Massachusetts Fields Sports Betting Interest From 29 Firms, as Application Period Begins

By | October 20, 2022

The Massachusetts Gaming Commission (MGC) said this week that 29 entities responded to its “Scoping Survey,” a prerequisite for a qualified sports wagering application.

Massachusetts sports betting MGC
Massachusetts Gaming Commission Chair Cathy Judd-Stein during a meeting. The commission is moving closer to issuing sports betting licenses that will allow wagers to be placed both in-person and online. (Image: Boston Herald)

The Scoping Survey is a brief two-page document seeking input from potential sportsbook applicants in Massachusetts. The survey required sportsbook firms mulling a bid for licensure in Massachusetts to detail their operational history, key investors and executives, and what sort of sports betting license the company would likely seek in the state.

Massachusetts’ sports betting law created three categories of operator licenses: Category 1 licenses are reserved for land-based casinos, Category 2 licenses are for the state’s horse racetrack facilities, and Category 3 permits are for fully online sportsbooks. The Category 1 and 2 licenses additionally allow the brick-and-mortar venues to partner with online sportsbooks to take bets remotely over the internet.
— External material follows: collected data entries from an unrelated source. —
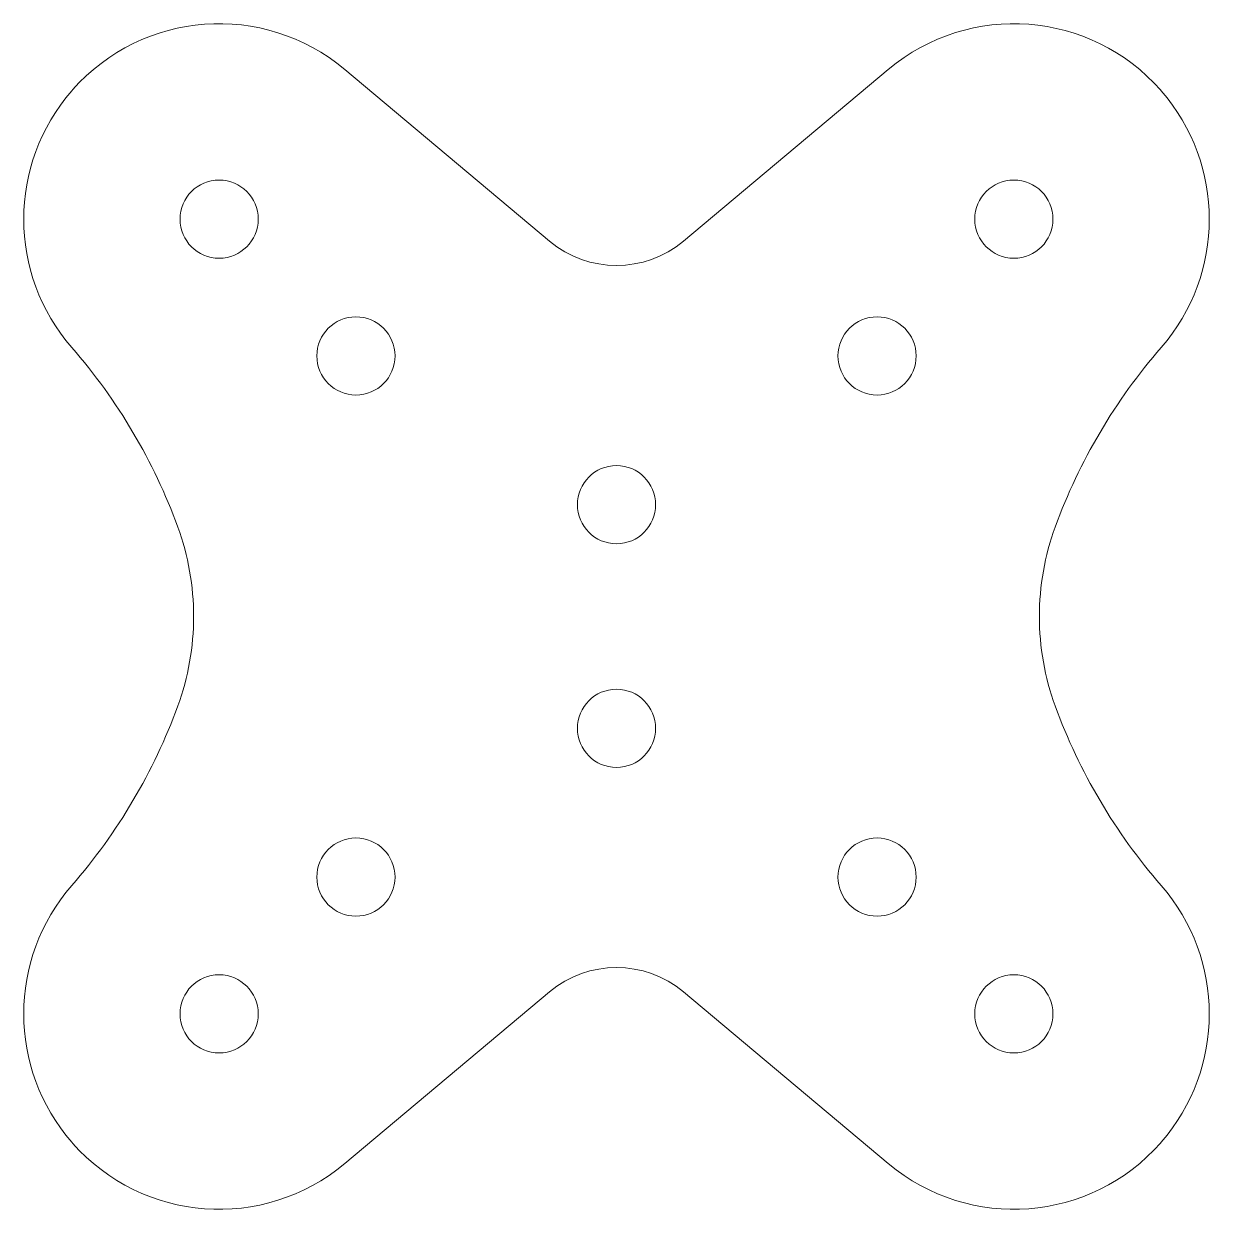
# Model space of a CAD drawing. Header units: millimetres. Extents: x -22.7 to 22.7, y -22.8 to 22.8.
import ezdxf

# ---------------------------------------------------------------- set-up
doc = ezdxf.new("R2010")
doc.units = ezdxf.units.MM
doc.layers.add('Frame-Bottom', color=250, linetype='Continuous', true_color=0x333333)

msp = doc.modelspace()

# ---------------------------------------------------------------- linework, layer by layer
at = {"layer": 'Frame-Bottom', "lineweight": 0}
msp.add_lwpolyline([(-16.837, 3.433, 0.09172), (-20.907, 10.325, -0.374295), (-20.907, 20.174, 0.000546), (-20.875, 20.211, -0.406923), (-10.431, 20.997), (-2.571, 14.407, 0.363961), (2.571, 14.407), (10.432, 20.997, -0.407464), (20.885, 20.2, 0.000386), (20.907, 20.174, -0.374295), (20.907, 10.325, 0.09172), (16.837, 3.433, 0.087837), (16.229, 0, 0.087833), (16.837, -3.433, 0.09172), (20.907, -10.325, -0.374295), (20.907, -20.174, 0.000386), (20.885, -20.2, -0.407464), (10.432, -20.997), (2.571, -14.407, 0.363961), (-2.571, -14.407), (-10.431, -20.997, -0.406923), (-20.875, -20.211, 0.000546), (-20.907, -20.174, -0.374295), (-20.907, -10.325, 0.09172), (-16.837, -3.433, 0.087833), (-16.229, 0, 0.087837), (-16.837, 3.433)], format="xyb", dxfattribs=at)
for centre in [(-15.25, 15.25), (15.25, 15.25), (-10, 10), (10, 10), (0, 4.292), (0, -4.292), (-10, -10), (10, -10), (-15.25, -15.25), (15.25, -15.25)]:
    msp.add_circle(centre, 1.5, dxfattribs=at)

doc.saveas('drawing.dxf')

Category 1 sports betting licensees can partner with as many as two online sportsbook skins. Category 2 licensees can contract with only a single online sports betting operator.

Interest Strong

The MGC said the initial survey is the first step toward licensing. The state gaming regulator has since opened its application period that runs through 2 p.m. EST on Monday, Nov. 21, 2022.

The application period requires a non-refundable $200K fee made payable to the MGC. The payment is to cover costs associated with the processing and investigation of the sports betting applicant.

Upon issuance of a license, the sportsbook will need to pay the state a $5 million fee, minus the $200K application fee, for a five-year privilege. Renewals are set for another $5 million every five years.

Sports betting revenue generated from in-person wagering will be subject to a 15% tax. Online sportsbook income will be taxed at 20%.

Encore Boston Harbor, MGM Springfield, and Plainridge Park each submitted scoping surveys for Category 1 sportsbook licenses. Suffolk Downs, Raynham Park, and Great Meadowbrook Farm did so too, but for Category 2 licenses.

Some 23 entities submitted scoping surveys with Category 3 intent. The major players all participated, including DraftKings, FanDuel, Caesars Sportsbook, and BetMGM. So did smaller sportsbook operators, such as MaximBet, BetRivers, Betway, and Fanatics.

Massachusetts’ sports betting law permits up to 15 online sports betting licenses.

The state’s three casinos say they’re ready to begin sports betting immediately upon receipt of their licenses. But the first legal bet isn’t expected to be placed until early 2023. MGGC Executive Director Karen Wells has set a February target date for sports betting’s commencement.

College Betting Loophole

Despite pushback from the sports betting industry, Massachusetts is moving forward with its sports gambling launch largely without college sports involving state-based schools. Massachusetts’ sports betting law prohibits oddsmakers from taking bets on games involving in-state colleges. But there are exceptions.

Legal sportsbooks will be able to take bets on Boston College, for example, so long as the Eagles are participating in a tournament involving a minimum of four teams. So a Boston College basketball game in the NCAA March Madness men’s basketball tournament would qualify for sportsbook inclusion, but a regular-season game would not.